(Data excerpts)
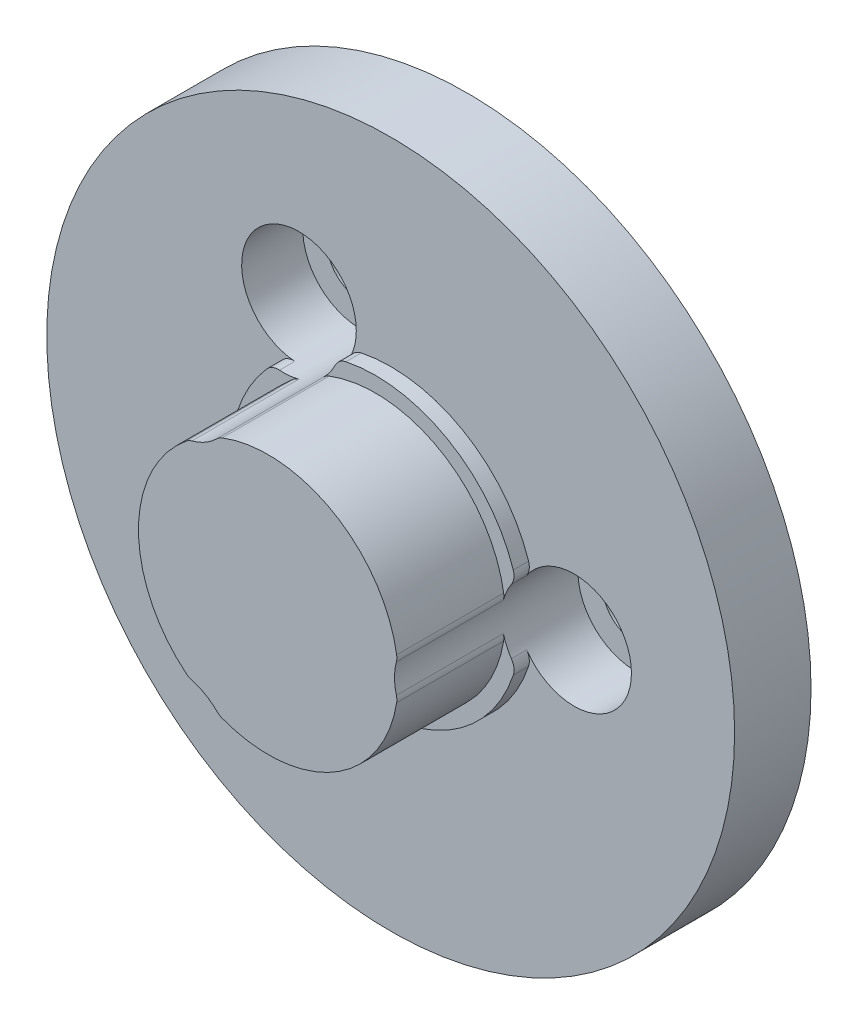
ISO-10303-21;
HEADER;
FILE_DESCRIPTION(('STEP AP214'),'2;1');
FILE_NAME('part.step','',(''),(''),'','','');
FILE_SCHEMA(('AUTOMOTIVE_DESIGN { 1 0 10303 214 1 1 1 1 }'));
ENDSEC;
DATA;
#1=APPLICATION_CONTEXT('core data for automotive mechanical design processes');
#2=APPLICATION_PROTOCOL_DEFINITION('international standard','automotive_design',2000,#1);
#3=PRODUCT_CONTEXT('',#1,'mechanical');
#4=PRODUCT('Part','Part','',(#3));
#5=PRODUCT_RELATED_PRODUCT_CATEGORY('part','',(#4));
#6=PRODUCT_DEFINITION_FORMATION('','',#4);
#7=PRODUCT_DEFINITION_CONTEXT('part definition',#1,'design');
#8=PRODUCT_DEFINITION('design','',#6,#7);
#9=PRODUCT_DEFINITION_SHAPE('','',#8);
#10=(LENGTH_UNIT() NAMED_UNIT(*) SI_UNIT(.MILLI.,.METRE.));
#11=(NAMED_UNIT(*) PLANE_ANGLE_UNIT() SI_UNIT($,.RADIAN.));
#12=(NAMED_UNIT(*) SI_UNIT($,.STERADIAN.) SOLID_ANGLE_UNIT());
#13=UNCERTAINTY_MEASURE_WITH_UNIT(LENGTH_MEASURE(1.E-05),#10,'distance_accuracy_value','');
#14=(GEOMETRIC_REPRESENTATION_CONTEXT(3) GLOBAL_UNCERTAINTY_ASSIGNED_CONTEXT((#13)) GLOBAL_UNIT_ASSIGNED_CONTEXT((#10,
#11,#12)) REPRESENTATION_CONTEXT('',''));
#15=CARTESIAN_POINT('',(0.,0.,0.));
#16=DIRECTION('',(0.,0.,1.));
#17=DIRECTION('',(1.,0.,0.));
#18=AXIS2_PLACEMENT_3D('',#15,#16,#17);
#19=CARTESIAN_POINT('',(0.,0.,37.));
#20=DIRECTION('',(0.,0.,1.));
#21=DIRECTION('',(1.,0.,0.));
#22=AXIS2_PLACEMENT_3D('',#19,#20,#21);
#23=PLANE('',#22);
#24=CARTESIAN_POINT('',(0.,0.,37.));
#25=DIRECTION('',(0.,0.,1.));
#26=DIRECTION('',(1.,0.,0.));
#27=AXIS2_PLACEMENT_3D('',#24,#25,#26);
#28=CIRCLE('',#27,9.5);
#29=CARTESIAN_POINT('',(-1.92716232852517,-9.30247522756785,37.));
#30=VERTEX_POINT('',#29);
#31=CARTESIAN_POINT('',(9.01976102941176,-2.98226608006476,37.));
#32=VERTEX_POINT('',#31);
#33=EDGE_CURVE('E261',#30,#32,#28,.T.);
#34=ORIENTED_EDGE('',*,*,#33,.T.);
#35=CARTESIAN_POINT('',(8.0703125,-2.66834333479479,37.));
#36=DIRECTION('',(0.,0.,1.));
#37=DIRECTION('',(1.,0.,0.));
#38=AXIS2_PLACEMENT_3D('',#35,#36,#37);
#39=CIRCLE('',#38,1.);
#40=CARTESIAN_POINT('',(8.89761513157895,-2.10658684325904,37.));
#41=VERTEX_POINT('',#40);
#42=EDGE_CURVE('E285',#32,#41,#39,.T.);
#43=ORIENTED_EDGE('',*,*,#42,.T.);
#44=CARTESIAN_POINT('',(12.,0.,37.));
#45=DIRECTION('',(0.,0.,1.));
#46=DIRECTION('',(1.,0.,0.));
#47=AXIS2_PLACEMENT_3D('',#44,#45,#46);
#48=CIRCLE('',#47,3.75);
#49=CARTESIAN_POINT('',(8.37129934210425,-0.946061063244322,37.));
#50=VERTEX_POINT('',#49);
#51=EDGE_CURVE('E249',#41,#50,#48,.F.);
#52=ORIENTED_EDGE('',*,*,#51,.T.);
#53=CARTESIAN_POINT('',(7.40364583333205,-1.19834401344281,37.));
#54=DIRECTION('',(0.,0.,1.));
#55=DIRECTION('',(1.,0.,0.));
#56=AXIS2_PLACEMENT_3D('',#53,#54,#55);
#57=CIRCLE('',#56,1.);
#58=CARTESIAN_POINT('',(8.39079861110993,-1.35812321523523,37.));
#59=VERTEX_POINT('',#58);
#60=EDGE_CURVE('E49',#50,#59,#57,.F.);
#61=ORIENTED_EDGE('',*,*,#60,.T.);
#62=CARTESIAN_POINT('',(0.,0.,37.));
#63=DIRECTION('',(0.,0.,1.));
#64=DIRECTION('',(1.,0.,0.));
#65=AXIS2_PLACEMENT_3D('',#62,#63,#64);
#66=CIRCLE('',#65,8.49999999999795);
#67=CARTESIAN_POINT('',(-3.01923009969186,-7.945706362878,37.));
#68=VERTEX_POINT('',#67);
#69=EDGE_CURVE('E362',#68,#59,#66,.T.);
#70=ORIENTED_EDGE('',*,*,#69,.F.);
#71=CARTESIAN_POINT('',(-2.66402655855156,-7.01091737900977,37.));
#72=DIRECTION('',(0.,0.,1.));
#73=DIRECTION('',(1.,0.,0.));
#74=AXIS2_PLACEMENT_3D('',#71,#72,#73);
#75=CIRCLE('',#74,1.);
#76=CARTESIAN_POINT('',(-3.36633675675123,-7.7227884245684,37.));
#77=VERTEX_POINT('',#76);
#78=EDGE_CURVE('E276',#68,#77,#75,.F.);
#79=ORIENTED_EDGE('',*,*,#78,.T.);
#80=CARTESIAN_POINT('',(-6.,-10.3923048454133,37.));
#81=DIRECTION('',(0.,0.,1.));
#82=DIRECTION('',(1.,0.,0.));
#83=AXIS2_PLACEMENT_3D('',#80,#81,#82);
#84=CIRCLE('',#83,3.75);
#85=CARTESIAN_POINT('',(-2.62444984424908,-8.75885415867371,37.));
#86=VERTEX_POINT('',#85);
#87=EDGE_CURVE('E259',#77,#86,#84,.F.);
#88=ORIENTED_EDGE('',*,*,#87,.T.);
#89=CARTESIAN_POINT('',(-1.72430313604883,-8.32326730887649,37.));
#90=DIRECTION('',(0.,0.,1.));
#91=DIRECTION('',(1.,0.,0.));
#92=AXIS2_PLACEMENT_3D('',#89,#90,#91);
#93=CIRCLE('',#92,1.);
#94=EDGE_CURVE('E273',#86,#30,#93,.T.);
#95=ORIENTED_EDGE('',*,*,#94,.T.);
#96=EDGE_LOOP('',(#34,#43,#52,#61,#70,#79,#88,#95));
#97=FACE_BOUND('',#96,.T.);
#98=ADVANCED_FACE('F41',(#97),#23,.T.);
#99=CARTESIAN_POINT('',(-7.0925987008866,6.32020914750309,37.));
#100=VERTEX_POINT('',#99);
#101=CARTESIAN_POINT('',(-7.0925987008866,-6.32020914750309,37.));
#102=VERTEX_POINT('',#101);
#103=EDGE_CURVE('E256',#100,#102,#28,.T.);
#104=ORIENTED_EDGE('',*,*,#103,.T.);
#105=CARTESIAN_POINT('',(-6.34600936395117,-5.65492397408171,37.));
#106=DIRECTION('',(0.,0.,1.));
#107=DIRECTION('',(1.,0.,0.));
#108=AXIS2_PLACEMENT_3D('',#105,#106,#107);
#109=CIRCLE('',#108,1.);
#110=CARTESIAN_POINT('',(-6.27316528732987,-6.65226731541467,37.));
#111=VERTEX_POINT('',#110);
#112=EDGE_CURVE('E308',#102,#111,#109,.T.);
#113=ORIENTED_EDGE('',*,*,#112,.T.);
#114=CARTESIAN_POINT('',(-5.00496258535302,-6.77672736132408,37.));
#115=VERTEX_POINT('',#114);
#116=EDGE_CURVE('E263',#111,#115,#84,.F.);
#117=ORIENTED_EDGE('',*,*,#116,.T.);
#118=CARTESIAN_POINT('',(-4.73961927478049,-5.81257336556697,37.));
#119=DIRECTION('',(0.,0.,1.));
#120=DIRECTION('',(1.,0.,0.));
#121=AXIS2_PLACEMENT_3D('',#118,#119,#120);
#122=CIRCLE('',#121,1.);
#123=CARTESIAN_POINT('',(-5.37156851141806,-6.58758314764278,37.));
#124=VERTEX_POINT('',#123);
#125=EDGE_CURVE('E359',#115,#124,#122,.F.);
#126=ORIENTED_EDGE('',*,*,#125,.T.);
#127=CARTESIAN_POINT('',(-5.37156851141807,6.58758314764277,37.));
#128=VERTEX_POINT('',#127);
#129=EDGE_CURVE('E254',#128,#124,#66,.T.);
#130=ORIENTED_EDGE('',*,*,#129,.F.);
#131=CARTESIAN_POINT('',(-4.7396192747805,5.81257336556696,37.));
#132=DIRECTION('',(0.,0.,1.));
#133=DIRECTION('',(1.,0.,0.));
#134=AXIS2_PLACEMENT_3D('',#131,#132,#133);
#135=CIRCLE('',#134,1.);
#136=CARTESIAN_POINT('',(-5.00496258535303,6.77672736132408,37.));
#137=VERTEX_POINT('',#136);
#138=EDGE_CURVE('E354',#128,#137,#135,.F.);
#139=ORIENTED_EDGE('',*,*,#138,.T.);
#140=CARTESIAN_POINT('',(-6.00000000000001,10.3923048454133,37.));
#141=DIRECTION('',(0.,0.,1.));
#142=DIRECTION('',(1.,0.,0.));
#143=AXIS2_PLACEMENT_3D('',#140,#141,#142);
#144=CIRCLE('',#143,3.75);
#145=CARTESIAN_POINT('',(-6.27316528732987,6.65226731541467,37.));
#146=VERTEX_POINT('',#145);
#147=EDGE_CURVE('E262',#137,#146,#144,.F.);
#148=ORIENTED_EDGE('',*,*,#147,.T.);
#149=CARTESIAN_POINT('',(-6.34600936395117,5.65492397408171,37.));
#150=DIRECTION('',(0.,0.,1.));
#151=DIRECTION('',(1.,0.,0.));
#152=AXIS2_PLACEMENT_3D('',#149,#150,#151);
#153=CIRCLE('',#152,1.);
#154=EDGE_CURVE('E306',#146,#100,#153,.T.);
#155=ORIENTED_EDGE('',*,*,#154,.T.);
#156=EDGE_LOOP('',(#104,#113,#117,#126,#130,#139,#148,#155));
#157=FACE_BOUND('',#156,.T.);
#158=ADVANCED_FACE('F410',(#157),#23,.T.);
#159=CARTESIAN_POINT('',(-6.00000000000001,10.3923048454133,36.));
#160=DIRECTION('',(0.,0.,-1.));
#161=DIRECTION('',(-1.,0.,0.));
#162=AXIS2_PLACEMENT_3D('',#159,#160,#161);
#163=CYLINDRICAL_SURFACE('',#162,2.15);
#164=CARTESIAN_POINT('',(-6.00000000000001,10.3923048454133,31.));
#165=DIRECTION('',(0.,0.,1.));
#166=DIRECTION('',(1.,0.,0.));
#167=AXIS2_PLACEMENT_3D('',#164,#165,#166);
#168=CIRCLE('',#167,2.15);
#169=CARTESIAN_POINT('',(-3.85000000000001,10.3923048454133,31.));
#170=VERTEX_POINT('',#169);
#171=EDGE_CURVE('E569',#170,#170,#168,.T.);
#172=ORIENTED_EDGE('',*,*,#171,.F.);
#173=EDGE_LOOP('',(#172));
#174=FACE_BOUND('',#173,.T.);
#175=CARTESIAN_POINT('',(-6.00000000000001,10.3923048454133,32.));
#176=DIRECTION('',(0.,0.,1.));
#177=DIRECTION('',(1.,0.,0.));
#178=AXIS2_PLACEMENT_3D('',#175,#176,#177);
#179=CIRCLE('',#178,2.15);
#180=CARTESIAN_POINT('',(-3.85000000000001,10.3923048454133,32.));
#181=VERTEX_POINT('',#180);
#182=EDGE_CURVE('E536',#181,#181,#179,.T.);
#183=ORIENTED_EDGE('',*,*,#182,.T.);
#184=EDGE_LOOP('',(#183));
#185=FACE_BOUND('',#184,.T.);
#186=ADVANCED_FACE('F417',(#174,#185),#163,.F.);
#187=CARTESIAN_POINT('',(-6.,-10.3923048454133,36.));
#188=DIRECTION('',(0.,0.,-1.));
#189=DIRECTION('',(-1.,0.,0.));
#190=AXIS2_PLACEMENT_3D('',#187,#188,#189);
#191=CYLINDRICAL_SURFACE('',#190,2.15);
#192=CARTESIAN_POINT('',(-6.,-10.3923048454133,31.));
#193=DIRECTION('',(0.,0.,1.));
#194=DIRECTION('',(1.,0.,0.));
#195=AXIS2_PLACEMENT_3D('',#192,#193,#194);
#196=CIRCLE('',#195,2.15);
#197=CARTESIAN_POINT('',(-3.85,-10.3923048454133,31.));
#198=VERTEX_POINT('',#197);
#199=EDGE_CURVE('E566',#198,#198,#196,.T.);
#200=ORIENTED_EDGE('',*,*,#199,.F.);
#201=EDGE_LOOP('',(#200));
#202=FACE_BOUND('',#201,.T.);
#203=CARTESIAN_POINT('',(-6.,-10.3923048454133,32.));
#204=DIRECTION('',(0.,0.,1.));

# What the task asks:
Repeat only the stretch of lines starting at the one containing "#195=AXIS2_PLACEMENT_3D('',#192,#193,#194);" and running to the final line of the entries above.

# Solution to this problem:
#195=AXIS2_PLACEMENT_3D('',#192,#193,#194);
#196=CIRCLE('',#195,2.15);
#197=CARTESIAN_POINT('',(-3.85,-10.3923048454133,31.));
#198=VERTEX_POINT('',#197);
#199=EDGE_CURVE('E566',#198,#198,#196,.T.);
#200=ORIENTED_EDGE('',*,*,#199,.F.);
#201=EDGE_LOOP('',(#200));
#202=FACE_BOUND('',#201,.T.);
#203=CARTESIAN_POINT('',(-6.,-10.3923048454133,32.));
#204=DIRECTION('',(0.,0.,1.));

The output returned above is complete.